What is a save point?
For the purposes of these series, a save point is a deduplication method to ensure a part of a function only needs to be run once.
The general idea is to allow a consumer to only have to call a certain function once in a set context and reuse the results.
For example, imagine a situation where you need to call a computational expensive function but following calls to other functions could fail:
let myFunction _ =
let expensiveComputationResult = expensiveComputation ()
// If this call fails, or myFunction needs to be called again in the same context.
// You might want to skip recalling expensiveComputation and use the result already returned.
anotherFunction expensiveComputationResultThe idea is inspired by save points in sql, where you can roll back a transaction to a certain point if something fails later.
Why?
There are a few good reasons why:
- A function might be computational expensive and/or take time.
- A (non pure) function might have side effects, like updating a file or database and you don't want to do this twice or more.
- A function might be time sensitive and running it again later could cause data issues.
- You might want to use the same result else where or at a later date.
- Potentially anytime when idempotence matters.
Downsides
The major downside is the added overhead.

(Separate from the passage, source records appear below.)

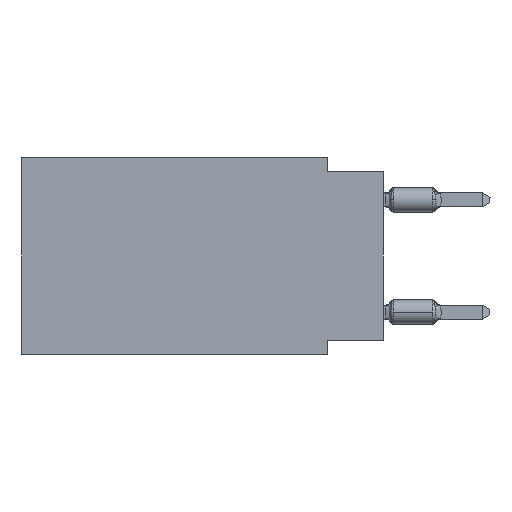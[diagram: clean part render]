
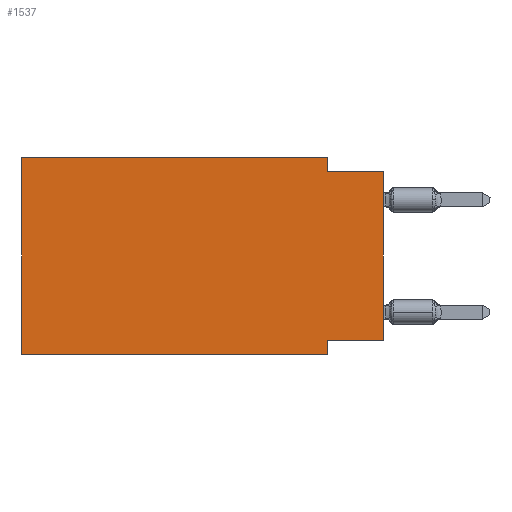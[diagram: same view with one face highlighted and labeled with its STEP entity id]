
A CAD part, left-side view. The second image highlights one B-rep face of the part: STEP entity #1537.
In plain terms, the highlighted planar face has unit normal (-1, 0, 0).
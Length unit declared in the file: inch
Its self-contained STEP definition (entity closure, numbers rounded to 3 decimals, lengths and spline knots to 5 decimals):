
#310 = VERTEX_POINT ( 'NONE', #21099 ) ;
#391 = EDGE_CURVE ( 'NONE', #17264, #3474, #10480, .T. ) ;
#471 = LINE ( 'NONE', #23432, #18059 ) ;
#589 = DIRECTION ( 'NONE',  ( 0., 0., -1. ) ) ;
#600 = VERTEX_POINT ( 'NONE', #11206 ) ;
#937 = CARTESIAN_POINT ( 'NONE',  ( 0., 0.1, -0.35 ) ) ;
#1000 = DIRECTION ( 'NONE',  ( 0., 0., 1. ) ) ;
#1537 = ADVANCED_FACE ( 'NONE', ( #15249 ), #3746, .F. ) ;
#1828 = EDGE_CURVE ( 'NONE', #600, #13780, #6998, .T. ) ;
#2610 = CARTESIAN_POINT ( 'NONE',  ( 0., 0.1, -0.35 ) ) ;
#2752 = LINE ( 'NONE', #18110, #24153 ) ;
#3033 = VECTOR ( 'NONE', #6122, 39.37008 ) ;
#3474 = VERTEX_POINT ( 'NONE', #937 ) ;
#3730 = ORIENTED_EDGE ( 'NONE', *, *, #391, .F. ) ;
#3746 = PLANE ( 'NONE',  #22382 ) ;
#3873 = DIRECTION ( 'NONE',  ( 0., 0., -1. ) ) ;
#4231 = LINE ( 'NONE', #15497, #3033 ) ;
#4282 = EDGE_CURVE ( 'NONE', #310, #13780, #10447, .T. ) ;
#5043 = DIRECTION ( 'NONE',  ( 0., -1., 0. ) ) ;
#6122 = DIRECTION ( 'NONE',  ( 0., 1., 0. ) ) ;
#6454 = CARTESIAN_POINT ( 'NONE',  ( 0., 0., -0.025 ) ) ;
#6998 = LINE ( 'NONE', #14608, #18767 ) ;
#9003 = VECTOR ( 'NONE', #19560, 39.37008 ) ;
#9133 = EDGE_CURVE ( 'NONE', #23872, #18545, #9851, .T. ) ;
#9687 = ORIENTED_EDGE ( 'NONE', *, *, #23823, .F. ) ;
#9851 = LINE ( 'NONE', #15473, #15080 ) ;
#10447 = LINE ( 'NONE', #6454, #9003 ) ;
#10480 = LINE ( 'NONE', #2610, #23742 ) ;
#11206 = CARTESIAN_POINT ( 'NONE',  ( 0., 0., -0.325 ) ) ;
#11257 = CARTESIAN_POINT ( 'NONE',  ( 0., 0.645, 0. ) ) ;
#11541 = ORIENTED_EDGE ( 'NONE', *, *, #4282, .F. ) ;
#11557 = ORIENTED_EDGE ( 'NONE', *, *, #1828, .T. ) ;
#12058 = VECTOR ( 'NONE', #5043, 39.37008 ) ;
#12615 = CARTESIAN_POINT ( 'NONE',  ( 0., 0.645, 0. ) ) ;
#12748 = EDGE_CURVE ( 'NONE', #18545, #310, #471, .T. ) ;
#13166 = CARTESIAN_POINT ( 'NONE',  ( 0., 0.1, 0. ) ) ;
#13590 = DIRECTION ( 'NONE',  ( 0., -1., 0. ) ) ;
#13748 = CARTESIAN_POINT ( 'NONE',  ( 0., 0.645, -0.35 ) ) ;
#13780 = VERTEX_POINT ( 'NONE', #19332 ) ;
#13970 = DIRECTION ( 'NONE',  ( 0., 0., -1. ) ) ;
#14608 = CARTESIAN_POINT ( 'NONE',  ( 0., 0., 0. ) ) ;
#15080 = VECTOR ( 'NONE', #13590, 39.37008 ) ;
#15249 = FACE_OUTER_BOUND ( 'NONE', #21252, .T. ) ;
#15251 = CARTESIAN_POINT ( 'NONE',  ( 0., 0.1, -0.325 ) ) ;
#15473 = CARTESIAN_POINT ( 'NONE',  ( 0., 0.645, 0. ) ) ;
#15497 = CARTESIAN_POINT ( 'NONE',  ( 0., 0., -0.325 ) ) ;
#16101 = ORIENTED_EDGE ( 'NONE', *, *, #12748, .F. ) ;
#16104 = VERTEX_POINT ( 'NONE', #13748 ) ;
#16425 = LINE ( 'NONE', #22160, #12058 ) ;
#17027 = ORIENTED_EDGE ( 'NONE', *, *, #9133, .F. ) ;
#17264 = VERTEX_POINT ( 'NONE', #15251 ) ;
#18059 = VECTOR ( 'NONE', #589, 39.37008 ) ;
#18110 = CARTESIAN_POINT ( 'NONE',  ( 0., 0.645, 0. ) ) ;
#18545 = VERTEX_POINT ( 'NONE', #13166 ) ;
#18767 = VECTOR ( 'NONE', #22234, 39.37008 ) ;
#19332 = CARTESIAN_POINT ( 'NONE',  ( 0., 0., -0.025 ) ) ;
#19499 = ORIENTED_EDGE ( 'NONE', *, *, #19780, .T. ) ;
#19560 = DIRECTION ( 'NONE',  ( 0., -1., 0. ) ) ;
#19780 = EDGE_CURVE ( 'NONE', #16104, #3474, #16425, .T. ) ;
#20566 = ORIENTED_EDGE ( 'NONE', *, *, #23633, .F. ) ;
#20982 = DIRECTION ( 'NONE',  ( 1., 0., 0. ) ) ;
#21099 = CARTESIAN_POINT ( 'NONE',  ( 0., 0.1, -0.025 ) ) ;
#21252 = EDGE_LOOP ( 'NONE', ( #11557, #11541, #16101, #17027, #9687, #19499, #3730, #20566 ) ) ;
#22160 = CARTESIAN_POINT ( 'NONE',  ( 0., 0.645, -0.35 ) ) ;
#22234 = DIRECTION ( 'NONE',  ( 0., 0., 1. ) ) ;
#22382 = AXIS2_PLACEMENT_3D ( 'NONE', #11257, #20982, #3873 ) ;
#23432 = CARTESIAN_POINT ( 'NONE',  ( 0., 0.1, 0. ) ) ;
#23633 = EDGE_CURVE ( 'NONE', #600, #17264, #4231, .T. ) ;
#23742 = VECTOR ( 'NONE', #13970, 39.37008 ) ;
#23823 = EDGE_CURVE ( 'NONE', #16104, #23872, #2752, .T. ) ;
#23872 = VERTEX_POINT ( 'NONE', #12615 ) ;
#24153 = VECTOR ( 'NONE', #1000, 39.37008 ) ;

The result needs to be saved and possibly loaded, for a simple function call this overhead is probably not worth it.
Also, it adds complexity which might not be needed. It is important to weight up the pros and cons to decide if it is worth it.
Alternatives
The best alternative is to either refactor code so either failure are handled gracefully (and retries are possible), or to use an approach like the saga design pattern.
However, I think it is an interesting concept and worth exploring. Even if it ultimately proves to be the wrong approach it is a good way to think more about robust system design.
Idempotence
There as much better explains of idempotence than I can give available, but that is the key concept here. Basically it means any function that can be executed several times without changing the final result beyond its first iteration. There are (nearly) always times where this matters, especially in distributed systems. In these cases the extra overhead and complexity can be an acceptable trade off to make sure everything works as expected.
This is not meant to be a one-stop solution (or "best" way) to create idempotent functions, but one possible way.